Dass Apple bei der Wahl seiner (Mac App Store-)App der Jahres manchmal deutlich daneben liegt, haben sie erst kürzlich mit Wunderlist mehr als bewiesen.

Für iOS kann ich entsprechende Wahl aber weitestgehend nachempfinden. Einer der Kandidaten ist nämlich Fantastical 2, das auch in meinem ausführlichen Review sehr gut bewertet wurde.

Und apropos Review:
Seit diesem sind zwei neue Updates veröffentlicht worden. Neben einigen Bugfixes wird nun auch TextExpander ab Version 2.3 unterstützt und Waze als zusätzliche Kartenoption angeboten.

VERLOSUNG

Entwickler Flexibits Inc. hat aptgetupdateDE für ein Gewinnspiel zwei Promo Codes von Fantastical 2 zur Verfügung gestellt.

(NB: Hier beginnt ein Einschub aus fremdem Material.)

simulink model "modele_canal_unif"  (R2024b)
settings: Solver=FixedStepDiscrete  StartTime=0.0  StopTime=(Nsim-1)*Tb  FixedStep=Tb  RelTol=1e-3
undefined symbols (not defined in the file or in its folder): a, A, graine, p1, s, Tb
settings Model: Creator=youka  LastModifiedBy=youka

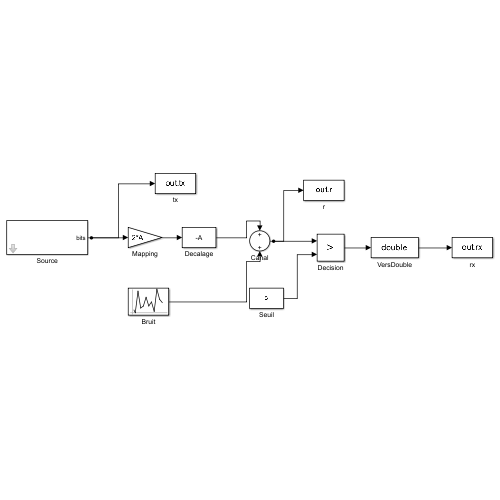
[thumbnail: Simulink's stored preview of the top-level diagram]
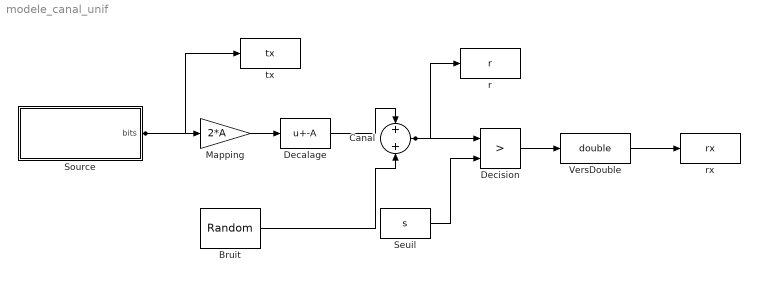
== system modele_canal_unif ==
  Bruit : UniformRandomNumber  Minimum=-a  Maximum=a  Seed=graine+1  SampleTime=Tb
  Canal : Sum
  Decalage : Bias  Bias=-A  SaturateOnIntegerOverflow=off
  Decision : RelationalOperator  Operator=>  OutDataTypeStr=boolean  RndMeth=Simplest  InputSameDT=off
  Mapping : Gain  Gain=2*A
  Seuil : Constant  Value=s  SampleTime=Tb
  Source : Subsystem  mask(Source binaire){p_m=p1, Tb_m=Tb, graine_m=graine}
      mask prompts: p_m "Probabilité d'émettre un 1"; Tb_m "Durée d'un bit Tb (s)"; graine_m "Graine (Seed)"
      mask help: Source binaire sans mémoire : P(1) = p, un bit toutes les Tb secondes.
  VersDouble : DataTypeConversion  OutDataTypeStr=double  SaturateOnIntegerOverflow=off  RndMeth=Floor
  r : ToWorkspace  VariableName=r  SampleTime=-1
  rx : ToWorkspace  VariableName=rx  SampleTime=-1
  tx : ToWorkspace  VariableName=tx  SampleTime=-1
  wires:
  Source/1(bits) -> tx/1, Mapping/1
  Mapping/1 -> Decalage/1
  Decalage/1 -> Canal/1
  Bruit/1 -> Canal/2
  Canal/1 -> Decision/1, r/1
  Seuil/1 -> Decision/2
  Decision/1 -> VersDouble/1
  VersDouble/1 -> rx/1

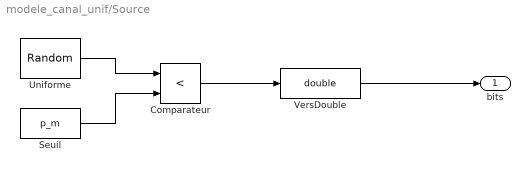
== system modele_canal_unif/Source ==
  Comparateur : RelationalOperator  Operator=<  OutDataTypeStr=boolean  RndMeth=Simplest  InputSameDT=off
  Seuil : Constant  Value=p_m  SampleTime=Tb_m
  Uniforme : UniformRandomNumber  Minimum=0  Seed=graine_m  SampleTime=Tb_m
  VersDouble : DataTypeConversion  OutDataTypeStr=double  SaturateOnIntegerOverflow=off  RndMeth=Floor
  bits : Outport
  wires:
  Uniforme/1 -> Comparateur/1
  Seuil/1 -> Comparateur/2
  Comparateur/1 -> VersDouble/1
  VersDouble/1 -> bits/1

Die Auslosung findet kommenden Sonntag, den 22.12.2013, statt. Viel Glück!

Wer Fantastical 2 lieber direkt kaufen, anstatt gewinnen möchte, ist aktuell mit 3,99 Euro dabei. Zur Installation wird iOS 7 minimal vorausgesetzt.

Bitte daran denken, dass sich unsere Feed-Adressen geändert haben.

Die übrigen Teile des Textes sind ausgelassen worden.